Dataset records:
***

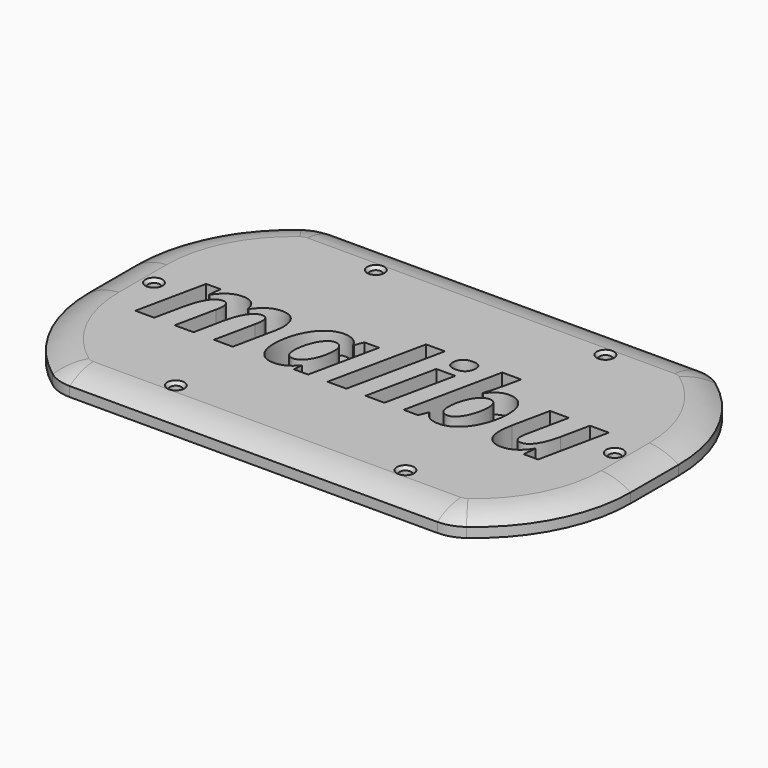
from build123d import *

# Parameters (mm, degrees)
F1_DEPTH       = 9.525
F2_R           = 12.7
F7_DEPTH       = 3.175
F9_D           = 3.7592
F9_CSINK_D     = 5.588
F9_CSINK_ANGLE = 82
F10_TEXT_SIZE  = 41.8302610648
F11_DEPTH      = 25.4
F13_DEPTH      = 3.175


# Not quite as in the source:
# - Text() gives the source's letters only with a copy of the font that has no kerning and outlines rounded to 1/6400 em; it was checked with that copy


with BuildPart() as f1:
    # F0 (on Top) → F1 (new body)
    with BuildSketch(Plane.XY):
        with BuildLine():
            Line((63.8113022832, 53.213), (-63.8113022832, 53.213))
            ThreePointArc((-63.8113022832, 53.213), (-81.731421563, 34.7013578741), (-88.265, 9.779))
            Line((-88.265, 9.779), (-88.265, -9.779))
            ThreePointArc((-88.265, -9.779), (-81.731421563, -34.7013578741), (-63.8113022832, -53.213))
            Line((-63.8113022832, -53.213), (63.8113022832, -53.213))
            ThreePointArc((63.8113022832, -53.213), (81.731421563, -34.7013578741), (88.265, -9.779))
            Line((88.265, -9.779), (88.265, 9.779))
            ThreePointArc((88.265, 9.779), (81.731421563, 34.7013578741), (63.8113022832, 53.213))
        make_face()
    extrude(amount=F1_DEPTH)

    # F2
    f2_edges = [f1.edges().sort_by_distance(p)[0] for p in [
        (63.811302, 53.213, 4.7625),
        (-63.811302, 53.213, 4.7625),
        (63.811302, -53.213, 4.7625),
        (-63.811302, -53.213, 4.7625),
    ]]
    fillet(f2_edges, radius=F2_R)

    # F5: sweep along a path in F3
    with BuildLine(Plane.XY.offset(9.525)) as f5_path:
        ThreePointArc((-59.9823542851, 43.688), (-60.9695019015, 43.5306422226), (-61.8588004755, 43.0741666667))
        ThreePointArc((-61.8588004755, 43.0741666667), (-74.278582681, 28.4440945668), (-78.74, 9.779))
        Line((-78.74, 9.779), (-78.74, -9.779))
        ThreePointArc((-78.74, -9.779), (-74.278582681, -28.4440945668), (-61.8588004755, -43.0741666667))
        ThreePointArc((-61.8588004755, -43.0741666667), (-60.9695019015, -43.5306422226), (-59.9823542851, -43.688))
        Line((-59.9823542851, -43.688), (59.9823542851, -43.688))
        ThreePointArc((59.9823542851, -43.688), (60.9695019015, -43.5306422226), (61.8588004755, -43.0741666667))
        ThreePointArc((61.8588004755, -43.0741666667), (74.278582681, -28.4440945668), (78.74, -9.779))
        Line((78.74, -9.779), (78.74, 9.779))
        ThreePointArc((78.74, 9.779), (74.278582681, 28.4440945668), (61.8588004755, 43.0741666667))
        ThreePointArc((61.8588004755, 43.0741666667), (60.9695019015, 43.5306422226), (59.9823542851, 43.688))
        Line((59.9823542851, 43.688), (-59.9823542851, 43.688))
    # F4 (on Front) → F5 (sweep, cut)
    with BuildSketch(Plane.XZ):
        with BuildLine():
            ThreePointArc((78.74, 9.525), (83.715434786, 8.576304358), (88.265, 6.35))
            Line((88.265, 6.35), (88.265, 10.795))
            Line((88.265, 10.795), (78.74, 10.795))
            Line((78.74, 10.795), (78.74, 9.525))
        make_face()
    sweep(path=f5_path.line, mode=Mode.SUBTRACT)

    # F6 (on face) → F7 (cut)
    with BuildSketch(Plane(origin=(0, 0, 0), x_dir=(1, 0, 0), z_dir=(0, 0, -1))):
        with BuildLine():
            ThreePointArc((59.9823542851, -53.213), (63.9309447509, -52.5835688902), (67.4881390468, -50.7576666667))
            ThreePointArc((67.4881390468, -50.7576666667), (82.7740248382, -32.7514240822), (88.265, -9.779))
            Line((88.265, -9.779), (88.265, 9.779))
            ThreePointArc((88.265, 9.779), (82.7740248382, 32.7514240822), (67.4881390468, 50.7576666667))
            ThreePointArc((67.4881390468, 50.7576666667), (63.9309447509, 52.5835688902), (59.9823542851, 53.213))
            Line((59.9823542851, 53.213), (-59.9823542851, 53.213))
            ThreePointArc((-59.9823542851, 53.213), (-63.9309447509, 52.5835688902), (-67.4881390468, 50.7576666667))
            ThreePointArc((-67.4881390468, 50.7576666667), (-82.7740248382, 32.7514240822), (-88.265, 9.779))
            Line((-88.265, 9.779), (-88.265, -9.779))
            ThreePointArc((-88.265, -9.779), (-82.7740248382, -32.7514240822), (-67.4881390468, -50.7576666667))
            ThreePointArc((-67.4881390468, -50.7576666667), (-63.9309447509, -52.5835688902), (-59.9823542851, -53.213))
            Line((-59.9823542851, -53.213), (59.9823542851, -53.213))
        make_face()
        with BuildLine():
            ThreePointArc((-59.8972810679, 33.1568312861), (-57.8701431096, 34.4663974856), (-55.5007685789, 34.925))
            Line((-55.5007685789, 34.925), (55.5007685789, 34.925))
            ThreePointArc((55.5007685789, 34.925), (57.8701431096, 34.4663974856), (59.8972810679, 33.1568312861))
            ThreePointArc((59.8972810679, 33.1568312861), (67.0750476967, 22.9310076394), (69.85, 10.749569188))
            Line((69.85, 10.749569188), (69.85, -8.808430812))
            ThreePointArc((69.85, -8.808430812), (67.4557440276, -22.0380987523), (59.8972810679, -33.1568312861))
            ThreePointArc((59.8972810679, -33.1568312861), (57.8701431096, -34.4663974856), (55.5007685789, -34.925))
            Line((55.5007685789, -34.925), (-55.5007685789, -34.925))
            ThreePointArc((-55.5007685789, -34.925), (-57.8701431096, -34.4663974856), (-59.8972810679, -33.1568312861))
            ThreePointArc((-59.8972810679, -33.1568312861), (-67.0750476967, -22.9310076394), (-69.85, -10.749569188))
            Line((-69.85, -10.749569188), (-69.85, 10.749569188))
            ThreePointArc((-69.85, 10.749569188), (-67.0750476967, 22.9310076394), (-59.8972810679, 33.1568312861))
        make_face(mode=Mode.SUBTRACT)
    extrude(amount=-F7_DEPTH, mode=Mode.SUBTRACT)

    # F9 (through all)
    with Locations(Plane.XY.offset(9.525)):
        with Locations((-75.0565700863, 0), (-35.2991081384, 40.7924), (39.6308918616, 40.7924), (75.3114299137, 0), (39.6308918616, -40.7924), (-35.2991081384, -40.7924)):
            CounterSinkHole(F9_D / 2, F9_CSINK_D / 2, counter_sink_angle=F9_CSINK_ANGLE)

    # F10 (on face) → F11 (cut)
    with BuildSketch(Plane.XY.offset(9.525)):
        with Locations((-69.85, -15.0555879667)):
            Text('malibu', F10_TEXT_SIZE, font='Open Sans', font_style=FontStyle.BOLDITALIC, text_align=(TextAlign.LEFT, TextAlign.BOTTOM))
    extrude(amount=-F11_DEPTH, mode=Mode.SUBTRACT)


with BuildPart() as f13:
    # F12 (on face) → F13 (new body)
    with BuildSketch(Plane(origin=(0, 0, 0), x_dir=(1, 0, 0), z_dir=(0, 0, -1))):
        Polygon((-19.0788796657, 16.6199764467), (-25.2896366783, 15.2974798189), (-20.2170954223, -8.5243738754), (-14.0063384097, -7.2018772477), align=None)
    extrude(amount=-F13_DEPTH)


with BuildPart() as f13b:
    # F12 (on face) → F13, piece 2 (new body)
    with BuildSketch(Plane(origin=(0, 0, 0), x_dir=(1, 0, 0), z_dir=(0, 0, -1))):
        Polygon((31.2478884091, 15.8846895497), (25.0359603176, 14.5677045893), (30.0877924895, -9.2606754809), (36.2997205811, -7.9436905205), align=None)
    extrude(amount=-F13_DEPTH)


solid = Compound([f1.part, f13.part, f13b.part])

***

## [Task goal]
Throughout the data above, count the lines in which the word "Plane" occurs; supply the number alone.

## [Solution to this task]
8